### [INSTRUCTIONS TO FOLLOW]
On every line of the listing, check for "Autodesk"; copy the lines that have it.

::::

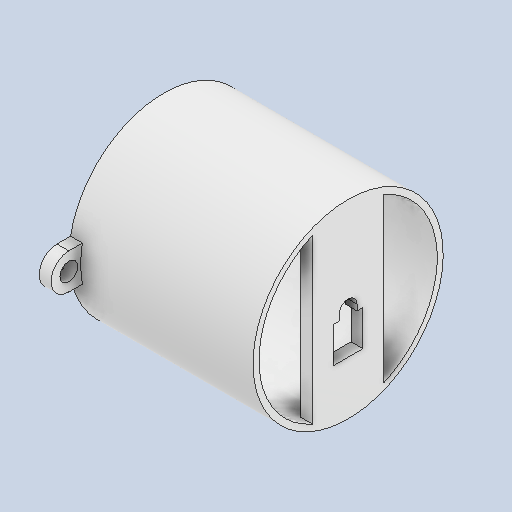
# Autodesk Inventor part: cylinder
Saved by Autodesk Inventor 2026.1 (Build 301233020, 233B)
## iProperties
Created: 2025-12-09
Part Number: cylinder
Material: Plastica ABS
Document SubType Name: Modeling
Designer: maxbu
Density: 1.06 g/cm^3
Appearance: Liscia - Bianco
Mass: 3.94834 g
Surface Area: 71.2025 cm^2
Volume: 3.72485 cm^3
Author: maxbu
Autodesk Inventor part; units mm, degrees
ref_plane "YZ Plane" through (0, 0, 0) normal (1, 0, 0) x (0, 1, 0)
ref_plane "XZ Plane" through (0, 0, 0) normal (0, 1, 0) x (-1, 0, 0)
ref_plane "XY Plane" through (0, 0, 0) normal (0, 0, 1) x (1, 0, 0)
sketch "Schizzo1" plane through (0, 0, 0) normal (1, 0, 0) x (0, 1, 0)
  circle A0 centre (0, 0) radius 16
  circle A1 centre (0, 0) radius 15
  dimension "d0" = 32
  dimension "d1" = 30
  constraints: 2 centre point, 2 coincident
  measures "d0" diameter of A0
  measures "d1" diameter of A1
extrude "Estrusione1" add sketch "Schizzo1" along normal blind 31
sketch "Schizzo2" plane through (0, 0, 0) normal (1, 0, 0) x (0, 1, 0)
  circle A0 centre (0, -18) radius 1.5
  arc A1 (-3, -18) -> (3, -18) centre (0, -18) ccw
  line L0 (3, -18) -> (3, -15.7162)
  line L1 (-3, -18) -> (-3, -15.7162)
  circle A2 centre (0, 0) radius 16 projected
  circle A3 centre (0, 0) radius 15 projected
  line L2 (0, -18) -> (0, 0) construction
  line L3 (0, 0) -> (16, 0) construction
  circle A4 centre (0, 18) radius 1.5
  arc A5 (3, 18) -> (-3, 18) centre (0, 18) ccw
  line L4 (3, 18) -> (3, 15.7162)
  line L5 (-3, 18) -> (-3, 15.7162)
  dimension "d4" = 3
  dimension "d5" = 3
  dimension "d19" = 18
  constraints: 12 end point, 7 point on circle, 6 symmetric about line, 4 centre point, 3 vertical, 2 coincident, 2 tangent, 1 horizontal, 2 other
  measures "d4" radius of A1
  measures "d5" diameter of A0
  measures "d19" distance of point (0, 0) A0.centre
extrude "Estrusione2" add sketch "Schizzo2" along normal blind 2 contours L1 A2 L0 A1 | L5 A5 L4 A2
sketch "Schizzo3" plane through (31, 0, 0) normal (1, 0, 0) x (0, 0, -1)
  circle A0 centre (0, 0) radius 15 projected
  line L0 (-6, 13.7477) -> (-6, -13.7477)
  arc A1 (1.5, 0) -> (-1.5, 0) centre (0, 0) ccw
  line L1 (6, -13.7477) -> (6, 13.7477)
  line L2 (0, 0) -> (1.5, 0) construction
  line L3 (1.5, 0) -> (1.5, -1)
  line L4 (1.5, -1) -> (2.5, -1)
  line L5 (2.5, -1) -> (2.5, -7)
  line L6 (2.5, -7) -> (-2.5, -7)
  line L7 (-2.5, -7) -> (-2.5, -1)
  line L8 (-2.5, -1) -> (-1.5, -1)
  line L9 (-1.5, -1) -> (-1.5, 0)
  line L10 (-1.5, 0) -> (-6, 0) construction
  line L11 (1.5, 0) -> (6, 0) construction
  dimension "d10" = 3
  dimension "d12" = 12
  dimension "d14" = 5
  dimension "d15" = 1
  dimension "d18" = 7
  constraints: 24 end point, 6 point on circle, 5 perpendicular, 2 collinear, 2 midpoint, 2 point on line, 2 tangent, 2 vertical, 1 centre point, 1 coincident, 1 horizontal
  measures "d10" diameter of A1
  measures "d12" distance between parallel lines of L1 L0
  measures "d14" distance between parallel lines of L5 L7
  measures "d15" distance of L2.end L3.end
  measures "d18" distance between parallel lines of L6 L10
extrude "Estrusione3" add sketch "Schizzo3" against normal blind 2 contours L1 A0 L0

::::

### [THE COMPLETED TASK]
# Autodesk Inventor part: cylinder
Saved by Autodesk Inventor 2026.1 (Build 301233020, 233B)
Autodesk Inventor part; units mm, degrees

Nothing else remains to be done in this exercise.